Decisões judiciais tem se lastreado numa mudança cultural da sociedade, posto que a alegação de desconhecimento de fraudes bancárias com o uso indevido de senhas e dados pessoais já não convence, especialmente porque os alertas por parte dos bancos acerca dos cuidados necessários no uso dos serviços bancários tem sido ostensivos nas correspondências e nos próprios sites que ofertam os serviços bancários.

Grande parte dos juizes têm oportunidade de lidar com a internet no seu dia-a-dia, sendo crível que a aderência aos bancos virtuais, por parte destes, é automática e leva ao conhecimento dos obstáculos desenvolvidos pelos estabelecimentos bancários no intuito de ampliar a segurança dos seus serviços freando cometimento de fraudes.

É fato que a culpa exclusiva da vítima dos golpes passou a ser reconhecida com maior amplitude ante a adoção de novos sistemas de segurança. O STJ tem conduzido, por uma serie de julgados, mudança na interpretação dos casos apresentados à Justiça, assegurando mais "espaço" que ocorra a investigação de eventual culpa do cliente:

Demócrito Filho [26] aponta que

é responsável pela reparação dos danos aquele que maior lucro extrai da atividade que lhe deu origem.

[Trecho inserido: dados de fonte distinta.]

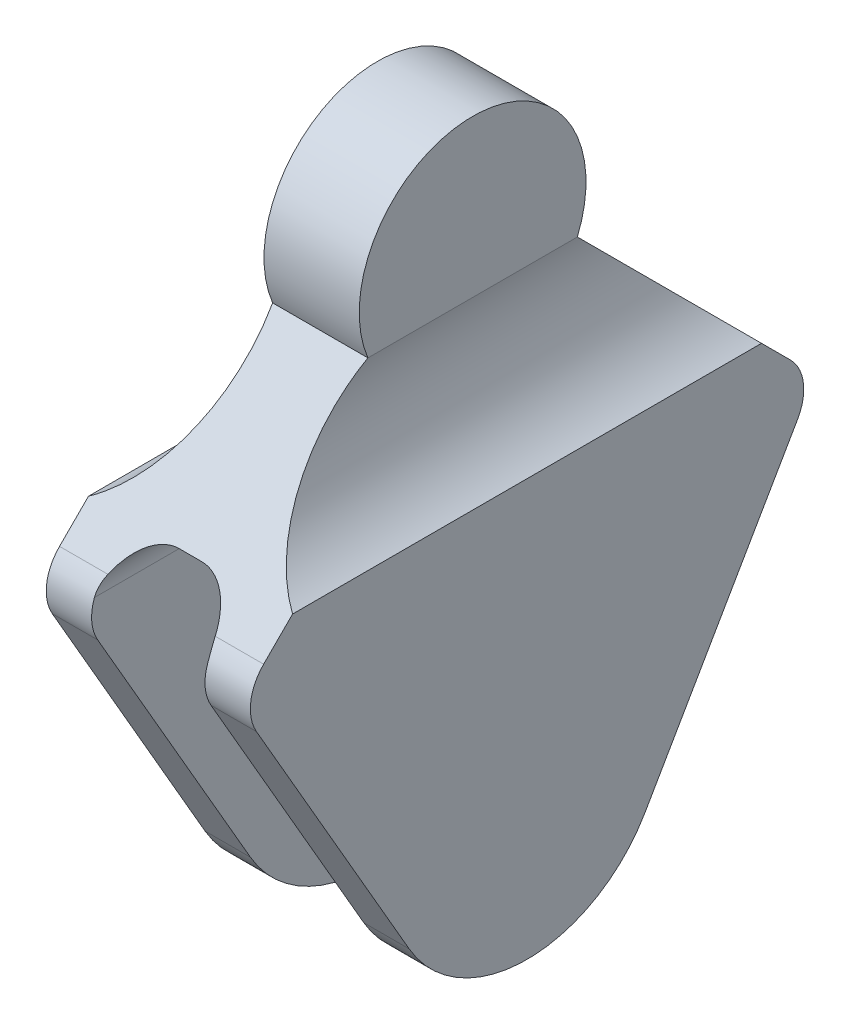
ISO-10303-21;
HEADER;
FILE_DESCRIPTION(('STEP AP214'),'2;1');
FILE_NAME('part.step','',(''),(''),'','','');
FILE_SCHEMA(('AUTOMOTIVE_DESIGN { 1 0 10303 214 1 1 1 1 }'));
ENDSEC;
DATA;
#1=APPLICATION_CONTEXT('core data for automotive mechanical design processes');
#2=APPLICATION_PROTOCOL_DEFINITION('international standard','automotive_design',2000,#1);
#3=PRODUCT_CONTEXT('',#1,'mechanical');
#4=PRODUCT('Part','Part','',(#3));
#5=PRODUCT_RELATED_PRODUCT_CATEGORY('part','',(#4));
#6=PRODUCT_DEFINITION_FORMATION('','',#4);
#7=PRODUCT_DEFINITION_CONTEXT('part definition',#1,'design');
#8=PRODUCT_DEFINITION('design','',#6,#7);
#9=PRODUCT_DEFINITION_SHAPE('','',#8);
#10=(LENGTH_UNIT() NAMED_UNIT(*) SI_UNIT(.MILLI.,.METRE.));
#11=(NAMED_UNIT(*) PLANE_ANGLE_UNIT() SI_UNIT($,.RADIAN.));
#12=(NAMED_UNIT(*) SI_UNIT($,.STERADIAN.) SOLID_ANGLE_UNIT());
#13=UNCERTAINTY_MEASURE_WITH_UNIT(LENGTH_MEASURE(1.E-05),#10,'distance_accuracy_value','');
#14=(GEOMETRIC_REPRESENTATION_CONTEXT(3) GLOBAL_UNCERTAINTY_ASSIGNED_CONTEXT((#13)) GLOBAL_UNIT_ASSIGNED_CONTEXT((#10,
#11,#12)) REPRESENTATION_CONTEXT('',''));
#15=CARTESIAN_POINT('',(0.,0.,0.));
#16=DIRECTION('',(0.,0.,1.));
#17=DIRECTION('',(1.,0.,0.));
#18=AXIS2_PLACEMENT_3D('',#15,#16,#17);
#19=CARTESIAN_POINT('',(-45.,-40.0000000000002,-69.2820323027552));
#20=DIRECTION('',(0.,-0.500000000000001,-0.866025403784438));
#21=DIRECTION('',(0.,0.866025403784438,-0.500000000000002));
#22=AXIS2_PLACEMENT_3D('',#19,#20,#21);
#23=PLANE('',#22);
#24=DIRECTION('',(0.,0.866025403784438,-0.500000000000002));
#25=VECTOR('',#24,1.);
#26=CARTESIAN_POINT('',(-35.,-40.0000000000002,-69.2820323027552));
#27=LINE('',#26,#25);
#28=CARTESIAN_POINT('',(-35.,-115.,-25.9807621135331));
#29=VERTEX_POINT('',#28);
#30=CARTESIAN_POINT('',(-35.,-56.6452466459918,-59.6718946709642));
#31=VERTEX_POINT('',#30);
#32=EDGE_CURVE('E248',#29,#31,#27,.T.);
#33=ORIENTED_EDGE('',*,*,#32,.F.);
#34=DIRECTION('',(1.,0.,0.));
#35=VECTOR('',#34,1.);
#36=CARTESIAN_POINT('',(-45.,-115.,-25.9807621135331));
#37=LINE('',#36,#35);
#38=CARTESIAN_POINT('',(-45.,-115.,-25.9807621135331));
#39=VERTEX_POINT('',#38);
#40=EDGE_CURVE('E65',#39,#29,#37,.T.);
#41=ORIENTED_EDGE('',*,*,#40,.F.);
#42=DIRECTION('',(0.,0.866025403784438,-0.500000000000001));
#43=VECTOR('',#42,1.);
#44=CARTESIAN_POINT('',(-45.,-40.0000000000002,-69.2820323027552));
#45=LINE('',#44,#43);
#46=CARTESIAN_POINT('',(-45.,-56.6452466459918,-59.6718946709642));
#47=VERTEX_POINT('',#46);
#48=EDGE_CURVE('E174',#39,#47,#45,.T.);
#49=ORIENTED_EDGE('',*,*,#48,.T.);
#50=DIRECTION('',(1.,0.,0.));
#51=VECTOR('',#50,1.);
#52=CARTESIAN_POINT('',(-45.,-56.6452466459918,-59.6718946709642));
#53=LINE('',#52,#51);
#54=EDGE_CURVE('E103',#47,#31,#53,.T.);
#55=ORIENTED_EDGE('',*,*,#54,.T.);
#56=EDGE_LOOP('',(#33,#41,#49,#55));
#57=FACE_BOUND('',#56,.T.);
#58=ADVANCED_FACE('F41',(#57),#23,.T.);
#59=CARTESIAN_POINT('',(-45.,-100.,0.));
#60=DIRECTION('',(1.,0.,0.));
#61=DIRECTION('',(0.,0.,-1.));
#62=AXIS2_PLACEMENT_3D('',#59,#60,#61);
#63=CYLINDRICAL_SURFACE('',#62,30.);
#64=ORIENTED_EDGE('',*,*,#40,.T.);
#65=CARTESIAN_POINT('',(-35.,-100.,0.));
#66=DIRECTION('',(-1.,0.,0.));
#67=DIRECTION('',(0.,0.,1.));
#68=AXIS2_PLACEMENT_3D('',#65,#66,#67);
#69=CIRCLE('',#68,30.);
#70=CARTESIAN_POINT('',(-35.,-115.,25.9807621135331));
#71=VERTEX_POINT('',#70);
#72=EDGE_CURVE('E332',#29,#71,#69,.T.);
#73=ORIENTED_EDGE('',*,*,#72,.T.);
#74=DIRECTION('',(1.,0.,0.));
#75=VECTOR('',#74,1.);
#76=CARTESIAN_POINT('',(-45.,-115.,25.9807621135331));
#77=LINE('',#76,#75);
#78=CARTESIAN_POINT('',(-45.,-115.,25.9807621135331));
#79=VERTEX_POINT('',#78);
#80=EDGE_CURVE('E177',#79,#71,#77,.T.);
#81=ORIENTED_EDGE('',*,*,#80,.F.);
#82=CARTESIAN_POINT('',(-45.,-100.,0.));
#83=DIRECTION('',(1.,0.,0.));
#84=DIRECTION('',(0.,0.,-1.));
#85=AXIS2_PLACEMENT_3D('',#82,#83,#84);
#86=CIRCLE('',#85,30.);
#87=EDGE_CURVE('E123',#39,#79,#86,.F.);
#88=ORIENTED_EDGE('',*,*,#87,.F.);
#89=EDGE_LOOP('',(#64,#73,#81,#88));
#90=FACE_BOUND('',#89,.T.);
#91=ADVANCED_FACE('F336',(#90),#63,.T.);
#92=CARTESIAN_POINT('',(-45.,-40.0000000000002,69.2820323027551));
#93=DIRECTION('',(0.,0.500000000000001,-0.866025403784438));
#94=DIRECTION('',(0.,0.866025403784438,0.500000000000001));
#95=AXIS2_PLACEMENT_3D('',#92,#93,#94);
#96=PLANE('',#95);
#97=ORIENTED_EDGE('',*,*,#80,.T.);
#98=DIRECTION('',(0.,0.866025403784438,0.500000000000001));
#99=VECTOR('',#98,1.);
#100=CARTESIAN_POINT('',(-35.,-40.0000000000002,69.2820323027551));
#101=LINE('',#100,#99);
#102=CARTESIAN_POINT('',(-35.,-56.6452466459918,59.6718946709641));
#103=VERTEX_POINT('',#102);
#104=EDGE_CURVE('E134',#71,#103,#101,.T.);
#105=ORIENTED_EDGE('',*,*,#104,.T.);
#106=DIRECTION('',(1.,0.,0.));
#107=VECTOR('',#106,1.);
#108=CARTESIAN_POINT('',(-45.,-56.6452466459918,59.6718946709641));
#109=LINE('',#108,#107);
#110=CARTESIAN_POINT('',(-45.,-56.6452466459918,59.6718946709641));
#111=VERTEX_POINT('',#110);
#112=EDGE_CURVE('E130',#111,#103,#109,.T.);
#113=ORIENTED_EDGE('',*,*,#112,.F.);
#114=DIRECTION('',(0.,0.866025403784438,0.500000000000001));
#115=VECTOR('',#114,1.);
#116=CARTESIAN_POINT('',(-45.,-40.0000000000002,69.2820323027551));
#117=LINE('',#116,#115);
#118=EDGE_CURVE('E115',#79,#111,#117,.T.);
#119=ORIENTED_EDGE('',*,*,#118,.F.);
#120=EDGE_LOOP('',(#97,#105,#113,#119));
#121=FACE_BOUND('',#120,.T.);
#122=ADVANCED_FACE('F131',(#121),#96,.F.);
#123=CARTESIAN_POINT('',(-45.,-51.6452466459918,51.0116406331198));
#124=DIRECTION('',(1.,0.,0.));
#125=DIRECTION('',(0.,0.,-1.));
#126=AXIS2_PLACEMENT_3D('',#123,#124,#125);
#127=CYLINDRICAL_SURFACE('',#126,9.99999999999999);
#128=CARTESIAN_POINT('',(-35.,-51.6452466459918,51.0116406331198));
#129=DIRECTION('',(-1.,0.,0.));
#130=DIRECTION('',(0.,0.,1.));
#131=AXIS2_PLACEMENT_3D('',#128,#129,#130);
#132=CIRCLE('',#131,9.99999999999999);
#133=CARTESIAN_POINT('',(-35.,-48.1927299956433,60.3967420592668));
#134=VERTEX_POINT('',#133);
#135=EDGE_CURVE('E330',#103,#134,#132,.T.);
#136=ORIENTED_EDGE('',*,*,#135,.T.);
#137=CARTESIAN_POINT('',(-35.,-48.1927299956433,60.3967420592668));
#138=CARTESIAN_POINT('',(-35.000001588071,-48.0767720681635,60.3540863224357));
#139=CARTESIAN_POINT('',(-34.9979826676313,-47.9616284641927,60.3092858008696));
#140=CARTESIAN_POINT('',(-34.9900897440527,-47.7332077025527,60.2155087234058));
#141=CARTESIAN_POINT('',(-34.9842163145908,-47.6199302697077,60.1665327898898));
#142=CARTESIAN_POINT('',(-34.9611097809257,-47.2834592795832,60.0136088634734));
#143=CARTESIAN_POINT('',(-34.9383895760264,-47.0633606619864,59.9035666293101));
#144=CARTESIAN_POINT('',(-34.8806172405875,-46.6375163362675,59.6707625039721));
#145=CARTESIAN_POINT('',(-34.8458192477866,-46.4315722785732,59.548296969473));
#146=CARTESIAN_POINT('',(-34.7655763619648,-46.0304756454078,59.2900005296737));
#147=CARTESIAN_POINT('',(-34.7201323215243,-45.8353222073244,59.1541706951479));
#148=CARTESIAN_POINT('',(-34.6202744491076,-45.4561544543122,58.8698480611323));
#149=CARTESIAN_POINT('',(-34.565839711994,-45.272167500225,58.7213261479331));
#150=CARTESIAN_POINT('',(-34.4786084448644,-45.0044833523468,58.4892345058227));
#151=CARTESIAN_POINT('',(-34.4484336093517,-44.9162107704857,58.4098916292835));
#152=CARTESIAN_POINT('',(-34.3865103398098,-44.7428172965294,58.2483872733818));
#153=CARTESIAN_POINT('',(-34.3547615919238,-44.657697039005,58.1662252328586));
#154=CARTESIAN_POINT('',(-34.3223434549197,-44.5741788341263,58.0827084449852));
#155=B_SPLINE_CURVE_WITH_KNOTS('',3,(#137,#138,#139,#140,#141,#142,#143,#144,#145,#146,#147,
#148,#149,#150,#151,#152,#153,#154),.UNSPECIFIED.,.F.,.F.,(4,2,2,2,2,2,2,2,4),(0.,
0.370582268719855,0.74110939517575,1.48131558753879,2.20680649731216,2.93223932656423,
3.65938331016948,4.02670974453567,4.39410972510707),.UNSPECIFIED.);
#156=CARTESIAN_POINT('',(-34.3223434549197,-44.5741788341263,58.0827084449852));
#157=VERTEX_POINT('',#156);
#158=EDGE_CURVE('E242',#134,#157,#155,.T.);
#159=ORIENTED_EDGE('',*,*,#158,.T.);
#160=DIRECTION('',(1.,0.,0.));
#161=VECTOR('',#160,1.);
#162=CARTESIAN_POINT('',(-45.,-44.5741788341263,58.0827084449852));
#163=LINE('',#162,#161);
#164=CARTESIAN_POINT('',(-45.,-44.5741788341263,58.0827084449852));
#165=VERTEX_POINT('',#164);
#166=EDGE_CURVE('E143',#165,#157,#163,.T.);
#167=ORIENTED_EDGE('',*,*,#166,.F.);
#168=CARTESIAN_POINT('',(-45.,-51.6452466459918,51.0116406331198));
#169=DIRECTION('',(1.,0.,0.));
#170=DIRECTION('',(0.,0.,-1.));
#171=AXIS2_PLACEMENT_3D('',#168,#169,#170);
#172=CIRCLE('',#171,9.99999999999999);
#173=EDGE_CURVE('E120',#111,#165,#172,.F.);
#174=ORIENTED_EDGE('',*,*,#173,.F.);
#175=ORIENTED_EDGE('',*,*,#112,.T.);
#176=EDGE_LOOP('',(#136,#159,#167,#174,#175));
#177=FACE_BOUND('',#176,.T.);
#178=ADVANCED_FACE('F140',(#177),#127,.T.);
#179=CARTESIAN_POINT('',(-45.,-51.6452466459918,-51.0116406331198));
#180=DIRECTION('',(1.,0.,0.));
#181=DIRECTION('',(0.,0.,-1.));
#182=AXIS2_PLACEMENT_3D('',#179,#180,#181);
#183=CYLINDRICAL_SURFACE('',#182,10.);
#184=CARTESIAN_POINT('',(-9.99999999999999,-56.6452466459918,-59.6718946709642));
#185=VERTEX_POINT('',#184);
#186=CARTESIAN_POINT('',(0.,-56.6452466459918,-59.6718946709642));
#187=VERTEX_POINT('',#186);
#188=EDGE_CURVE('E152',#185,#187,#53,.T.);
#189=ORIENTED_EDGE('',*,*,#188,.F.);
#190=CARTESIAN_POINT('',(-9.99999999999999,-51.6452466459918,-51.0116406331198));
#191=DIRECTION('',(1.,0.,0.));
#192=DIRECTION('',(0.,0.,-1.));
#193=AXIS2_PLACEMENT_3D('',#190,#191,#192);
#194=CIRCLE('',#193,10.);
#195=CARTESIAN_POINT('',(-9.99999999999999,-48.1927299956433,-60.3967420592668));
#196=VERTEX_POINT('',#195);
#197=EDGE_CURVE('E176',#196,#185,#194,.F.);
#198=ORIENTED_EDGE('',*,*,#197,.F.);
#199=CARTESIAN_POINT('',(-10.6776565450803,-44.5741788341263,-58.0827084449852));
#200=CARTESIAN_POINT('',(-10.612253655837,-44.7426427388478,-58.2511809332734));
#201=CARTESIAN_POINT('',(-10.5495619988574,-44.9177233366595,-58.4142106349615));
#202=CARTESIAN_POINT('',(-10.4314496512366,-45.2808083287477,-58.7286123180632));
#203=CARTESIAN_POINT('',(-10.3760394771662,-45.4688308308411,-58.879967310381));
#204=CARTESIAN_POINT('',(-10.2756442124246,-45.8527694663925,-59.1665979187206));
#205=CARTESIAN_POINT('',(-10.2304579879921,-46.0484237607134,-59.3021523719689));
#206=CARTESIAN_POINT('',(-10.1508393294783,-46.4503274575201,-59.5597245318987));
#207=CARTESIAN_POINT('',(-10.1163982684629,-46.6565682047529,-59.6817530470886));
#208=CARTESIAN_POINT('',(-10.0599675503721,-47.078697860335,-59.9113214062237));
#209=CARTESIAN_POINT('',(-10.0379788042001,-47.2945874732657,-60.0188601897873));
#210=CARTESIAN_POINT('',(-10.0154725703269,-47.6255958956182,-60.1690052268462));
#211=CARTESIAN_POINT('',(-10.009714427812,-47.7377671616408,-60.2174288462831));
#212=CARTESIAN_POINT('',(-10.0019770645786,-47.9639362892968,-60.3101835008153));
#213=CARTESIAN_POINT('',(-9.99999841418935,-48.0779344239897,-60.3545139172818));
#214=CARTESIAN_POINT('',(-9.99999999999999,-48.1927299956433,-60.3967420592668));
#215=B_SPLINE_CURVE_WITH_KNOTS('',3,(#199,#200,#201,#202,#203,#204,#205,#206,#207,#208,#209,
#210,#211,#212,#213,#214),.UNSPECIFIED.,.F.,.F.,(4,2,2,2,2,2,2,4),(0.,0.741155087351997,
1.48336912027627,2.20938434314931,2.93481516355569,3.6602990433396,4.02711375493885,
4.39398381486935),.UNSPECIFIED.);
#216=CARTESIAN_POINT('',(-10.6776565450803,-44.5741788341263,-58.0827084449852));
#217=VERTEX_POINT('',#216);
#218=EDGE_CURVE('E193',#217,#196,#215,.T.);
#219=ORIENTED_EDGE('',*,*,#218,.F.);
#220=DIRECTION('',(1.,0.,0.));
#221=VECTOR('',#220,1.);
#222=CARTESIAN_POINT('',(-45.,-44.5741788341263,-58.0827084449852));
#223=LINE('',#222,#221);
#224=CARTESIAN_POINT('',(0.,-44.5741788341263,-58.0827084449852));
#225=VERTEX_POINT('',#224);
#226=EDGE_CURVE('E190',#217,#225,#223,.T.);
#227=ORIENTED_EDGE('',*,*,#226,.T.);
#228=CARTESIAN_POINT('',(0.,-51.6452466459918,-51.0116406331198));
#229=DIRECTION('',(1.,0.,0.));
#230=DIRECTION('',(0.,0.,-1.));
#231=AXIS2_PLACEMENT_3D('',#228,#229,#230);
#232=CIRCLE('',#231,10.);
#233=EDGE_CURVE('E156',#187,#225,#232,.T.);
#234=ORIENTED_EDGE('',*,*,#233,.F.);
#235=EDGE_LOOP('',(#189,#198,#219,#227,#234));
#236=FACE_BOUND('',#235,.T.);
#237=ADVANCED_FACE('F390',(#236),#183,.T.);
#238=CARTESIAN_POINT('',(-45.,0.,0.));
#239=DIRECTION('',(1.,0.,0.));
#240=DIRECTION('',(0.,0.,-1.));
#241=AXIS2_PLACEMENT_3D('',#238,#239,#240);
#242=PLANE('',#241);
#243=DIRECTION('',(0.,0.707106781186546,-0.707106781186549));
#244=VECTOR('',#243,1.);
#245=CARTESIAN_POINT('',(-45.,6.7542648054294,6.75426480542938));
#246=LINE('',#245,#244);
#247=CARTESIAN_POINT('',(-45.,-38.1927299956434,51.7012596065023));
#248=VERTEX_POINT('',#247);
#249=EDGE_CURVE('E145',#165,#248,#246,.T.);
#250=ORIENTED_EDGE('',*,*,#249,.T.);
#251=DIRECTION('',(0.,0.,1.));
#252=VECTOR('',#251,1.);
#253=CARTESIAN_POINT('',(-45.,-38.1927299956434,-61.0116406331198));
#254=LINE('',#253,#252);
#255=CARTESIAN_POINT('',(-45.,-38.1927299956434,-51.7012596065023));
#256=VERTEX_POINT('',#255);
#257=EDGE_CURVE('E296',#256,#248,#254,.T.);
#258=ORIENTED_EDGE('',*,*,#257,.F.);
#259=DIRECTION('',(0.,0.707106781186546,0.707106781186549));
#260=VECTOR('',#259,1.);
#261=CARTESIAN_POINT('',(-45.,6.7542648054294,-6.75426480542938));
#262=LINE('',#261,#260);
#263=CARTESIAN_POINT('',(-45.,-44.5741788341263,-58.0827084449852));
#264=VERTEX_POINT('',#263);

O próprio STJ vem enfrentando essas questões sob a ótica das normas do CDC, com a diferença de que tem firmado o entendimento de que o uso do cartão magnético e da senha é de responsabilidade do correntista, daí que se os entrega a terceiro incide a regra do § do art. 14, que isenta o fornecedor de responsabilidade quando a culpa é exclusiva do consumidor.

No Recurso Especial 602680/BA, que teve como relator o Ministro Fernando Gonçalves, o STJ afastou a condenação do banco declarando a culpa exclusiva da vítima, que cedeu seu cartão e senha a terceiros, assumindo os riscos de sua conduta, que contribui, à toda evidência, para que seja vítima de fraudadores e estelionatários.

Vê-se que a facilitação por parte do consumidor de acesso a dados pessoais e senhas requisitadas para ingresso nos sistemas on-line do fornecedor se equipara, em termos de conduta, à entrega de cartão pessoal a terceiro ou o abandono ou extravio do mesmo junto com papel onde constam anotadas todas as senhas necessárias para a concretização de operações, o que tem potencial de causar grande prejuízo na hipótese de perda ou furto da carteira.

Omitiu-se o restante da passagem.